X-ray stacking reveals average SMBH accretion properties of star-forming galaxies and their cosmic evolution over 4 ≲ z ≲ 7

Abstract

ABSTRACT With an X-ray stacking analysis of $\simeq 12\, 000$ Lyman-break galaxies (LBGs) using the Chandra Legacy Survey image, we investigate average supermassive black hole (SMBH) accretion properties of star-forming galaxies (SFGs) at 4 ≲ z ≲ 7. Although no X-ray signal is detected in any stacked image, we obtain strong 3σ upper limits for the average black hole accretion rate (BHAR) as a function of star formation rate (SFR). At z ∼ 4 (5) where the stacked image is deeper, the 3σ BHAR upper limits per SFR are ∼1.5 (1.0) dex lower than the local black hole-to-stellar mass ratio, indicating that the SMBHs of SFGs in the inactive (BHAR $\lesssim 1 \, \mathrm{M}_\odot$ yr−1) phase are growing much more slowly than expected from simultaneous evolution.

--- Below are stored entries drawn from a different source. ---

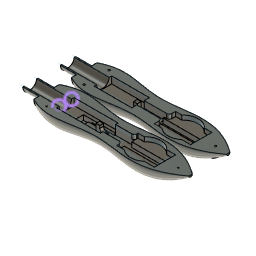
Fork V2 Fusion360 (Autodesk Fusion 360 design; units mm, degrees)
Autodesk Fusion 360 part; units mm, degrees
sketch "Sketch1" plane through (0, 0, 0) normal (0, 0, 1) x (1, 0, 0)
  line L0 (15.0107, 0) -> (130.0107, 0)
  line L1 (15.0107, 10.1439) -> (15.0107, 0)
  line L2 (130.0107, 1.3892) -> (130.0107, 0)
  spline S0 degree 5 poles (15.0107, 10.1439) (17.1655, 11.3215) (21.4632, 13.2587) (27.8735, 14.9106) (36.3471, 14.9335) (46.8266, 13.042) (57.2393, 11.1221) (67.6884, 10.6548) (78.3704, 11.8963) (89.578, 13.6649) (101.6455, 14.0909) (112.252, 11.6814) (120.8621, 7.5393) (126.9099, 3.6304) (130.0107, 1.3892) knots 0 0 0 0 0 0 0.1 0.2 0.3 0.4 0.5 0.6 0.7 0.8 0.9 1 1 1 1 1 1
  line L3 (5.0608, 4.7061) -> (24.9606, 15.5816)
  line L4 (117.8706, 10.1641) -> (142.1507, -7.3857)
  point P0 (63.5697, 11.0506)
  dimension "d2" = 115
  constraint horizontal L0
  constraint perpendicular L0 L1
  constraint perpendicular L0 L2
  constraint midpoint L1.start L3
  constraint midpoint L2.start L4
  measures "d2" distance of L0.start L0.end
revolve "Revolve1" add sketch "Sketch1" angle 360 about axis through (15.0107, 0, 0) along (1, 0, 0) makes body 1
sketch "Sketch2" plane through (0, 0, 0) normal (0, 0, 1) x (1, 0, 0)
sketch "Sketch3" plane through (15.0107, 0, 0) normal (-1, 0, 0) x (0, -1, 0)
  circle A0 centre (0, 0) radius 10.1439
  circle A1 centre (0, 0) radius 5
  circle A2 centre (0, 0) radius 6
  constraint coincident A0.centre A1.centre
extrude "Extrude1" add sketch "Sketch3" along normal blind 15 contours A2 bodies 1
extrude "Extrude2" cut 1 faces at (15.0107, 0.3379, -0.3642) along direction (1, 0, 0) blind 15 on bodies 1 bodies 1
split "Split1" by plane through (0, 0, 0) normal (0, 0, 1) bodies 1 makes body 2 at (53.0007, -11.0797, 4.6705)
move_body "Move1" bodies 2 to x (1, 0, 0) y (0, 1, 0) z (0, 0, 1) at (0, 0, 45)
sketch "Sketch4" plane through (0, 0, 0) normal (0, 0, 1) x (-1, 0, 0)
  line L0 (-15.0107, -6) -> (-0.0107, -6)
  line L1 (-0.0107, -6) -> (-0.0107, -5)
  line L2 (-0.0107, -5) -> (-30.0107, -5)
  line L3 (-30.0107, 5) -> (-0.0107, 5)
  line L4 (-0.0107, 5) -> (-0.0107, 6)
  line L5 (-0.0107, 6) -> (-15.0107, 6)
  line L6 (-15.0107, 6) -> (-15.0107, 10.1439)
  spline S0 degree 3 poles (-15.0107, 10.1439) (-17.2758, 11.3818) (-19.6235, 12.392) (-24.4058, 13.8233) (-26.7334, 14.2535) (-33.8193, 14.8563) (-38.417, 14.3623) (-51.6253, 12.321) (-59.2846, 10.4294) (-77.5088, 11.6941) (-83.806, 12.8904) (-95.9051, 13.7775) (-101.6068, 13.6874) (-114.9368, 10.4942) (-122.1312, 7.0845) (-130.0107, 1.3892) knots -19.403792 -19.403792 -19.403792 -19.403792 -17.868163 -17.868163 -16.437307 -16.437307 -13.646252 -13.646252 -8.493414 -8.493414 -5.456897 -5.456897 -2.916676 -2.916676 0 0 0 0
  line L7 (-130.0107, 1.3892) -> (-130.0107, -1.3892)
  spline S1 degree 5 poles (-15.0107, -10.1439) (-17.1655, -11.3215) (-21.4632, -13.2587) (-27.8735, -14.9106) (-36.3471, -14.9335) (-46.8266, -13.042) (-57.2393, -11.1221) (-67.6884, -10.6548) (-78.3704, -11.8963) (-89.578, -13.6649) (-101.6455, -14.0909) (-112.252, -11.6814) (-120.8621, -7.5393) (-126.9099, -3.6304) (-130.0107, -1.3892) knots 0 0 0 0 0 0 0.1 0.2 0.3 0.4 0.5 0.6 0.7 0.8 0.9 1 1 1 1 1 1
  line L8 (-15.0107, -10.1439) -> (-15.0107, -6)
move_body "Move2" bodies 2 to x (1, 0, 0) y (0, 1, 0) z (0, 0, 1) at (0, 65, 0)
sketch "Sketch5" plane through (0, 0, 0) normal (0, 0, 1) x (-1, 0, 0)
  line L0 (-30, -6) -> (-60, -6)
  line L1 (-60, -6) -> (-60, 6)
  line L2 (-60, 6) -> (-30, 6)
  line L3 (-30, 6) -> (-30, -6)
  constraint horizontal L0
  constraint vertical L1
  constraint horizontal L2
  constraint vertical L3
extrude "Extrude3" cut sketch "Sketch5" against normal blind 5.5 bodies 1
sketch "Sketch6" plane through (0, 0, 0) normal (0, 0, 1) x (1, 0, 0)
sketch "Sketch7" plane through (0, 0, -5.5) normal (0, 0, 1) x (-1, 0, 0)
  line L0 (-30, 6) -> (-60, 6)
  line L1 (-60, 6) -> (-60, -6)
  line L2 (-60, -6) -> (-30, -6)
  line L3 (-30, -6) -> (-30, 6)
  line L4 (-57, -1.5) -> (-59, -1.5)
  line L5 (-59, -1.5) -> (-59, 1.5)
  line L6 (-59, 1.5) -> (-57, 1.5)
  line L7 (-57, 1.5) -> (-57, -1.5)
  constraint horizontal L4
  constraint vertical L5
  constraint horizontal L6
  constraint vertical L7
extrude "Extrude4" add sketch "Sketch7" along normal blind 4 contours L4 L5 L6 L7 bodies 1
sketch "Sketch8" plane through (0, 0, 0) normal (0, 0, 1) x (-1, 0, 0)
  line L0 (-30, -5) -> (-30, -6)
  line L1 (-30, -6) -> (-60, -6)
  line L2 (-60, -6) -> (-60, 6)
  line L3 (-60, 6) -> (-30, 6)
  line L4 (-30, 6) -> (-30, 5)
  line L5 (-30, 5) -> (-0.0107, 5)
  line L6 (-0.0107, 5) -> (-0.0107, 6)
  line L7 (-0.0107, 6) -> (-15.0107, 6)
  line L8 (-15.0107, 6) -> (-15.0107, 10.1439)
  spline S0 degree 3 poles (-15.0107, 10.1439) (-17.2758, 11.3818) (-19.6235, 12.392) (-24.4058, 13.8233) (-26.7334, 14.2535) (-33.8193, 14.8563) (-38.417, 14.3623) (-51.6253, 12.321) (-59.2846, 10.4294) (-77.5088, 11.6941) (-83.806, 12.8904) (-95.9051, 13.7775) (-101.6068, 13.6874) (-114.9368, 10.4942) (-122.1312, 7.0845) (-130.0107, 1.3892) knots -19.403792 -19.403792 -19.403792 -19.403792 -17.868163 -17.868163 -16.437307 -16.437307 -13.646252 -13.646252 -8.493414 -8.493414 -5.456897 -5.456897 -2.916676 -2.916676 0 0 0 0
  line L9 (-130.0107, 1.3892) -> (-130.0107, -1.3892)
  spline S1 degree 5 poles (-15.0107, -10.1439) (-17.1655, -11.3215) (-21.4632, -13.2587) (-27.8735, -14.9106) (-36.3471, -14.9335) (-46.8266, -13.042) (-57.2393, -11.1221) (-67.6884, -10.6548) (-78.3704, -11.8963) (-89.578, -13.6649) (-101.6455, -14.0909) (-112.252, -11.6814) (-120.8621, -7.5393) (-126.9099, -3.6304) (-130.0107, -1.3892) knots 0 0 0 0 0 0 0.1 0.2 0.3 0.4 0.5 0.6 0.7 0.8 0.9 1 1 1 1 1 1
  line L10 (-15.0107, -10.1439) -> (-15.0107, -6)
  line L11 (-15.0107, -6) -> (-0.0107, -6)
  line L12 (-0.0107, -6) -> (-0.0107, -5)
  line L13 (-0.0107, -5) -> (-30, -5)
  line L14 (-60, -3) -> (-85, -3)
  line L15 (-85, -3) -> (-85, 3)
  line L16 (-85, 3) -> (-60, 3)
  line L17 (-60, 3) -> (-60, -3)
  constraint horizontal L14
  constraint vertical L15
  constraint horizontal L16
  constraint vertical L17
  constraint coincident L2 L14.start
extrude "Extrude5" cut sketch "Sketch8" against normal blind 2.5 contours L2 L14 L15 L16 L17 bodies 1
extrude "Extrude6" add 1 faces at (57.6667, 0.5, -1.5) along direction (0, 0, 1) blind 1 on bodies 1 bodies 1
sketch "Sketch9" plane through (0, 0, -5.5) normal (0, 0, 1) x (-1, 0, 0)
  line L0 (-57, 1.5) -> (-57, -1.5)
  line L1 (-57, -1.5) -> (-59, -1.5)
  line L2 (-59, -1.5) -> (-59, 1.5)
  line L3 (-59, 1.5) -> (-57, 1.5)
  line L4 (-30, 6) -> (-60, 6)
  line L5 (-60, 6) -> (-60, -6)
  line L6 (-60, -6) -> (-30, -6)
  line L7 (-30, -6) -> (-30, 6)
extrude "Extrude8" add 1 faces at (57, 0.5, -2.1667) along direction (-1, 0, 0) blind 2 on bodies 1 bodies 1
sketch "Sketch10" plane through (0, 0, 0) normal (0, 0, 1) x (-1, 0, 0)
  line L0 (-85, 3) -> (-60, 3)
  line L1 (-60, 3) -> (-60, 6)
  line L2 (-60, 6) -> (-30, 6)
  line L3 (-30, 6) -> (-30, 5)
  line L4 (-30, 5) -> (-0.0107, 5)
  line L5 (-0.0107, 5) -> (-0.0107, 6)
  line L6 (-0.0107, 6) -> (-15.0107, 6)
  line L7 (-15.0107, 6) -> (-15.0107, 10.1439)
  spline S0 degree 3 poles (-15.0107, 10.1439) (-17.2758, 11.3818) (-19.6235, 12.392) (-24.4058, 13.8233) (-26.7334, 14.2535) (-33.8193, 14.8563) (-38.417, 14.3623) (-51.6253, 12.321) (-59.2846, 10.4294) (-77.5088, 11.6941) (-83.806, 12.8904) (-95.9051, 13.7775) (-101.6068, 13.6874) (-114.9368, 10.4942) (-122.1312, 7.0845) (-130.0107, 1.3892) knots -19.403792 -19.403792 -19.403792 -19.403792 -17.868163 -17.868163 -16.437307 -16.437307 -13.646252 -13.646252 -8.493414 -8.493414 -5.456897 -5.456897 -2.916676 -2.916676 0 0 0 0
  line L8 (-130.0107, 1.3892) -> (-130.0107, -1.3892)
  spline S1 degree 5 poles (-15.0107, -10.1439) (-17.1655, -11.3215) (-21.4632, -13.2587) (-27.8735, -14.9106) (-36.3471, -14.9335) (-46.8266, -13.042) (-57.2393, -11.1221) (-67.6884, -10.6548) (-78.3704, -11.8963) (-89.578, -13.6649) (-101.6455, -14.0909) (-112.252, -11.6814) (-120.8621, -7.5393) (-126.9099, -3.6304) (-130.0107, -1.3892) knots 0 0 0 0 0 0 0.1 0.2 0.3 0.4 0.5 0.6 0.7 0.8 0.9 1 1 1 1 1 1
  line L9 (-15.0107, -10.1439) -> (-15.0107, -6)
  line L10 (-15.0107, -6) -> (-0.0107, -6)
  line L11 (-0.0107, -6) -> (-0.0107, -5)
  line L12 (-0.0107, -5) -> (-30, -5)
  line L13 (-30, -5) -> (-30, -6)
  line L14 (-30, -6) -> (-60, -6)
  line L15 (-60, -6) -> (-60, -3)
  line L16 (-60, -3) -> (-85, -3)
  line L17 (-85, -3) -> (-85, 3)
  line L18 (-80, -8) -> (-109, -8)
  line L19 (-109, -8) -> (-109, 9)
  line L20 (-109, 9) -> (-80, 9)
  line L21 (-80, 9) -> (-80, -8)
  dimension "d21" = 29
  dimension "d22" = 17
  constraint horizontal L18
  constraint vertical L19
  constraint horizontal L20
  constraint vertical L21
  measures "d21" distance of L18.start L18.end
  measures "d22" distance of L18.end L19.end
extrude "Extrude9" cut sketch "Sketch10" against normal blind 3.5 contours L0 L16 L17 L18 L19 L20 L21 bodies 1
extrude "Extrude10" cut 1 faces at (66.6667, 1, -2.5) along direction (0, 0, -1) blind 1 on bodies 1 bodies 1
sketch "Sketch11" plane through (0, 0, -3.5) normal (0, 0, 1) x (-1, 0, 0)
  line L0 (-80, -3) -> (-60, -3)
  line L1 (-60, -3) -> (-60, 3)
  line L2 (-60, 3) -> (-80, 3)
  line L3 (-80, 3) -> (-80, 9)
  line L4 (-80, 9) -> (-109, 9)
  line L5 (-109, 9) -> (-109, -8)
  line L6 (-109, -8) -> (-80, -8)
  line L7 (-80, -8) -> (-80, -3)
  line L8 (-76, -2) -> (-108, -2)
  line L9 (-108, -2) -> (-108, 2)
  line L10 (-108, 2) -> (-76, 2)
  line L11 (-76, 2) -> (-76, -2)
  constraint horizontal L8
  constraint vertical L9
  constraint horizontal L10
  constraint vertical L11
extrude "Extrude11" cut sketch "Sketch11" against normal blind 4 contours L8 L9 L10 L11 bodies 1
sketch "Sketch12" plane through (60, 0, 0) normal (-1, 0, 0) x (0, -1, 0)
  line L0 (-3, -3.5) -> (-3, 0)
  line L1 (-3, 0) -> (-6, 0)
  line L2 (-6, 0) -> (-6, -5.5)
  line L3 (-6, -5.5) -> (6, -5.5)
  line L4 (6, -5.5) -> (6, 0)
  line L5 (6, 0) -> (3, 0)
  line L6 (3, 0) -> (3, -3.5)
  line L7 (3, -3.5) -> (-3, -3.5)
  line L8 (-3, -3.5) -> (-3, -5.5)
  line L9 (3, -3.5) -> (3, -5.5)
  constraint coincident L0.start L7.end
  constraint coincident L3 L8.end
  constraint perpendicular L3 L8
  constraint coincident L6.end L7.start
  constraint coincident L3 L9.end
  constraint perpendicular L3 L9
extrude "Extrude12" cut sketch "Sketch12" against normal blind 16 contours L3 L7 L8 L9 bodies 1
copy_body "CopyPasteBodies1" bodies 1 makes body 3
move_body "Move3" bodies 3 to x (1, 0, 0) y (0, 1, 0) z (0, 0, 1) at (0, 40, 0)
sketch "Sketch13" plane through (0, 0, -5.5) normal (0, 0, 1) x (-1, 0, 0)
  line L0 (-40, -3.5) -> (-47, -3.5)
  line L1 (-47, -3.5) -> (-47, 3.5)
  line L2 (-47, 3.5) -> (-40, 3.5)
  line L3 (-40, 3.5) -> (-40, -3.5)
  dimension "d31" = 7
  dimension "d32" = 7
  constraint horizontal L0
  constraint vertical L1
  constraint horizontal L2
  constraint vertical L3
  measures "d31" distance of L0.start L0.end
  measures "d32" distance of L0.end L1.end
extrude "Extrude13" cut sketch "Sketch13" against normal blind 3 bodies 1
sketch "Sketch14" plane through (0, 0, -8.5) normal (0, 0, 1) x (-1, 0, 0)
  line L0 (-40, 3.5) -> (-47, 3.5)
  line L1 (-47, 3.5) -> (-47, -3.5)
  line L2 (-47, -3.5) -> (-40, -3.5)
  line L3 (-40, -3.5) -> (-40, 3.5)
  circle A0 centre (-43.5, 0) radius 2
  dimension "d35" = 4
  measures "d35" diameter of A0
extrude "Extrude14" cut sketch "Sketch14" against normal blind 6 contours A0 bodies 1
extrude "Extrude15" cut 1 faces at (43.5498, -2.9981, -8.5) along direction (0, 0, -1) blind 1 on bodies 1 bodies 1
extrude "Extrude16" cut 2 faces at (60, 4, -3.6667) (60, -4, -1.8333) along direction (1, 0, 0) blind 5 on bodies 1 bodies 1
sketch "Sketch15" plane through (0, 0, -5.5) normal (0, 0, 1) x (-1, 0, 0)
  line L0 (-47, -3.5) -> (-47, 3.5)
  line L1 (-47, 3.5) -> (-40, 3.5)
  line L2 (-40, 3.5) -> (-40, -3.5)
  line L3 (-40, -3.5) -> (-47, -3.5)
  line L4 (-30, 6) -> (-65, 6)
  line L5 (-65, 6) -> (-65, 3)
  line L6 (-65, 3) -> (-76, 3)
  line L7 (-76, 3) -> (-76, 2)
  line L8 (-76, 2) -> (-76, -2)
  line L9 (-76, -2) -> (-76, -3)
  line L10 (-76, -3) -> (-65, -3)
  line L11 (-65, -3) -> (-65, -6)
  line L12 (-65, -6) -> (-30, -6)
  line L13 (-30, -6) -> (-30, 6)
  line L14 (-59, 1.5) -> (-55, 1.5)
  line L15 (-55, 1.5) -> (-55, -1.5)
  line L16 (-55, -1.5) -> (-59, -1.5)
  line L17 (-59, -1.5) -> (-59, 1.5)
  line L18 (-47, 3.5) -> (-65.0368, 3.5)
  line L19 (-65.0368, 3.5) -> (-65.0368, 1.5)
  line L20 (-65.0368, 1.5) -> (-47, 1.5)
  line L21 (-47, 1.5) -> (-47, 3.5)
  line L22 (-47, -3.5) -> (-65.0096, -3.5)
  line L23 (-65.0096, -3.5) -> (-65.0096, -1.5274)
  line L24 (-65.0096, -1.5274) -> (-47, -1.5274)
  line L25 (-47, -1.5274) -> (-47, -3.5)
  constraint horizontal L18
  constraint vertical L19
  constraint horizontal L20
  constraint vertical L21
  constraint coincident L0.end L1.start
  constraint horizontal L22
  constraint vertical L23
  constraint horizontal L24
  constraint vertical L25
  constraint coincident L0.start L3.end
extrude "Extrude17" cut sketch "Sketch15" against normal blind 2 contours L0 L10 L11 L22 L23 L24 L25 | L0 L5 L6 L14 L18 L19 L20 L21 bodies 1
move_body "Move4" bodies 3 to x (1, 0, 0) y (0, 1, 0) z (0, 0, 1) at (0, -10, 0)
sketch "Sketch16" plane through (0, 0, 0) normal (0, 0, 1) x (-1, 0, 0)
  line L0 (-65, -6) -> (-65, -3)
  line L1 (-65, -3) -> (-80, -3)
  line L2 (-80, -3) -> (-80, -8)
  line L3 (-80, -8) -> (-109, -8)
  line L4 (-109, -8) -> (-109, 9)
  line L5 (-109, 9) -> (-80, 9)
  line L6 (-80, 9) -> (-80, 3)
  line L7 (-80, 3) -> (-65, 3)
  line L8 (-65, 3) -> (-65, 6)
  line L9 (-65, 6) -> (-30, 6)
  line L10 (-30, 6) -> (-30, 5)
  line L11 (-30, 5) -> (-0.0107, 5)
  line L12 (-0.0107, 5) -> (-0.0107, 6)
  line L13 (-0.0107, 6) -> (-15.0107, 6)
  line L14 (-15.0107, 6) -> (-15.0107, 10.1439)
  spline S0 degree 3 poles (-15.0107, 10.1439) (-17.2758, 11.3818) (-19.6235, 12.392) (-24.4058, 13.8233) (-26.7334, 14.2535) (-33.8193, 14.8563) (-38.417, 14.3623) (-51.6253, 12.321) (-59.2846, 10.4294) (-77.5088, 11.6941) (-83.806, 12.8904) (-95.9051, 13.7775) (-101.6068, 13.6874) (-114.9368, 10.4942) (-122.1312, 7.0845) (-130.0107, 1.3892) knots -19.403792 -19.403792 -19.403792 -19.403792 -17.868163 -17.868163 -16.437307 -16.437307 -13.646252 -13.646252 -8.493414 -8.493414 -5.456897 -5.456897 -2.916676 -2.916676 0 0 0 0
  line L15 (-130.0107, 1.3892) -> (-130.0107, -1.3892)
  spline S1 degree 5 poles (-15.0107, -10.1439) (-17.1655, -11.3215) (-21.4632, -13.2587) (-27.8735, -14.9106) (-36.3471, -14.9335) (-46.8266, -13.042) (-57.2393, -11.1221) (-67.6884, -10.6548) (-78.3704, -11.8963) (-89.578, -13.6649) (-101.6455, -14.0909) (-112.252, -11.6814) (-120.8621, -7.5393) (-126.9099, -3.6304) (-130.0107, -1.3892) knots 0 0 0 0 0 0 0.1 0.2 0.3 0.4 0.5 0.6 0.7 0.8 0.9 1 1 1 1 1 1
  line L16 (-15.0107, -10.1439) -> (-15.0107, -6)
  line L17 (-15.0107, -6) -> (-0.0107, -6)
  line L18 (-0.0107, -6) -> (-0.0107, -5)
  line L19 (-0.0107, -5) -> (-30, -5)
  line L20 (-30, -5) -> (-30, -6)
  line L21 (-30, -6) -> (-65, -6)
sketch "Sketch17" plane through (0, 0, 0) normal (0, 0, 1) x (-1, 0, 0)
  line L0 (-80, -21) -> (-80, -27)
  line L1 (-80, -27) -> (-60, -27)
  line L2 (-60, -27) -> (-60, -24)
  line L3 (-60, -24) -> (-30, -24)
  line L4 (-30, -24) -> (-30, -25)
  line L5 (-30, -25) -> (-0.0107, -25)
  line L6 (-0.0107, -25) -> (-0.0107, -24)
  line L7 (-0.0107, -24) -> (-15.0107, -24)
  line L8 (-15.0107, -24) -> (-15.0107, -19.8561)
  spline S0 degree 3 poles (-15.0107, -19.8561) (-17.2758, -18.6182) (-19.6235, -17.608) (-24.4058, -16.1767) (-26.7334, -15.7465) (-33.8193, -15.1437) (-38.417, -15.6377) (-51.6253, -17.679) (-59.2846, -19.5706) (-77.5088, -18.3059) (-83.806, -17.1096) (-95.9051, -16.2225) (-101.6068, -16.3126) (-114.9368, -19.5058) (-122.1312, -22.9155) (-130.0107, -28.6108) knots -19.403792 -19.403792 -19.403792 -19.403792 -17.868163 -17.868163 -16.437307 -16.437307 -13.646252 -13.646252 -8.493414 -8.493414 -5.456897 -5.456897 -2.916676 -2.916676 0 0 0 0
  line L9 (-130.0107, -28.6108) -> (-130.0107, -31.3892)
  spline S1 degree 5 poles (-15.0107, -40.1439) (-17.1655, -41.3215) (-21.4632, -43.2587) (-27.8735, -44.9106) (-36.3471, -44.9335) (-46.8266, -43.042) (-57.2393, -41.1221) (-67.6884, -40.6548) (-78.3704, -41.8963) (-89.578, -43.6649) (-101.6455, -44.0909) (-112.252, -41.6814) (-120.8621, -37.5393) (-126.9099, -33.6304) (-130.0107, -31.3892) knots 0 0 0 0 0 0 0.1 0.2 0.3 0.4 0.5 0.6 0.7 0.8 0.9 1 1 1 1 1 1
  line L10 (-15.0107, -40.1439) -> (-15.0107, -36)
  line L11 (-15.0107, -36) -> (-0.0107, -36)
  line L12 (-0.0107, -36) -> (-0.0107, -35)
  line L13 (-0.0107, -35) -> (-30, -35)
  line L14 (-30, -35) -> (-30, -36)
  line L15 (-30, -36) -> (-60, -36)
  line L16 (-60, -36) -> (-60, -33)
  line L17 (-60, -33) -> (-80, -33)
  line L18 (-80, -33) -> (-80, -38)
  line L19 (-80, -38) -> (-109, -38)
  line L20 (-109, -38) -> (-109, -21)
  line L21 (-109, -21) -> (-80, -21)
sketch "Sketch18" plane through (0, 0, 0) normal (0, 0, 1) x (-1, 0, 0)
  circle A0 centre (-120, 0) radius 0.5
  dimension "d44" = 1
  measures "d44" diameter of A0
extrude "Extrude18" cut sketch "Sketch18" against normal blind 5 bodies 1
sketch "Sketch19" plane through (0, 0, 0) normal (0, 0, 1) x (-1, 0, 0)
ref_plane "WorkPlane1" through (65.0107, 29.9083, -15) normal (0, 0, 1) x (-1, 0, 0)
sketch "Sketch20" plane through (0, 0, -15) normal (0, 0, 1) x (1, 0, 0)
  circle A0 centre (120, 30) radius 2.5
  dimension "d48" = 5
  measures "d48" diameter of A0
extrude "Extrude19" cut sketch "Sketch20" along normal blind 13 bodies 3
sketch "Sketch21" plane through (0, 0, -2) normal (0, 0, -1) x (1, 0, 0)
  circle A0 centre (120, -30) radius 2.5
  circle A1 centre (120, -30) radius 0.75
  dimension "d51" = 1.5
  constraint concentric A0 A1
  measures "d51" diameter of A1
extrude "Extrude20" cut sketch "Sketch21" against normal blind 10 contours A1 bodies 3
sketch "Sketch22" plane through (0, 0, 0) normal (0, 0, 1) x (-1, 0, 0)
  circle A0 centre (-25, 10) radius 0.5
  circle A1 centre (-25, -10) radius 0.5
  dimension "d54" = 1
  dimension "d55" = 1
  measures "d54" diameter of A0
  measures "d55" diameter of A1
extrude "Extrude21" cut sketch "Sketch22" against normal blind 5 contours A1 bodies 1
sketch "Sketch23" plane through (0, 0, 0) normal (0, 0, 1) x (-1, 0, 0)
  circle A0 centre (-25, 10) radius 0.5
  dimension "d58" = 1
  measures "d58" diameter of A0
extrude "Extrude22" cut sketch "Sketch23" against normal blind 5 bodies 1
sketch "Sketch24" plane through (0, 0, 0) normal (0, 0, 1) x (1, 0, 0)
ref_plane "WorkPlane2" through (65.0107, 29.9083, -15) normal (0, 0, 1) x (-1, 0, 0)
sketch "Sketch25" plane through (0, 0, -15) normal (0, 0, 1) x (1, 0, 0)
  circle A0 centre (25, 40) radius 2.25
  circle A1 centre (25, 20) radius 2.25
  dimension "d62" = 4.5
  dimension "d63" = 4.5
  measures "d62" diameter of A0
  measures "d63" diameter of A1
extrude "Extrude23" cut sketch "Sketch25" along normal blind 13 bodies 3
sketch "Sketch26" plane through (0, 0, -2) normal (0, 0, -1) x (1, 0, 0)
  circle A0 centre (25, -20) radius 2.25
  circle A1 centre (25, -20) radius 0.75
  dimension "d66" = 1.5
  constraint concentric A0 A1
  measures "d66" diameter of A1
extrude "Extrude24" cut sketch "Sketch26" against normal blind 10 contours A1 bodies 3
sketch "Sketch27" plane through (0, 0, -2) normal (0, 0, -1) x (1, 0, 0)
  circle A0 centre (25, -40) radius 2.25
  circle A1 centre (25, -40) radius 0.75
  dimension "d69" = 1.5
  constraint concentric A0 A1
  measures "d69" diameter of A1
extrude "Extrude25" cut sketch "Sketch27" against normal blind 10 contours A1 bodies 3
sketch "Sketch28" plane through (0, 0, 0) normal (0, 0, 1) x (-1, 0, 0)
ref_plane "WorkPlane3" through (92.5, -0.5, -3.5) normal (0, 0, 1) x (1, 0, 0)
sketch "Sketch29" plane through (0, 0, -3.5) normal (0, 0, 1) x (1, 0, 0)
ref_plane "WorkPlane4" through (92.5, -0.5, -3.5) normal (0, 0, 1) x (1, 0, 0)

We obtain a similar result for BHAR per dark halo accretion rate. QSOs from the literature are found to have ∼1 dex higher SFRs and ≳ 2 dex higher BHARs than LBGs with the same dark halo mass. We also make a similar comparison for dusty starburst galaxies and quiescent galaxies from the literature. A duty-cycle corrected analysis shows that for a given dark halo, the SMBH mass increase in the QSO phase dominates over that in the much longer inactive phase. Finally, a comparison with the TNG300, TNG100, SIMBA100, and EAGLE100 simulations finds that they overshoot our BHAR upper limits by ≲ 1.5 dex, possibly implying that simulated SMBHs are too massive.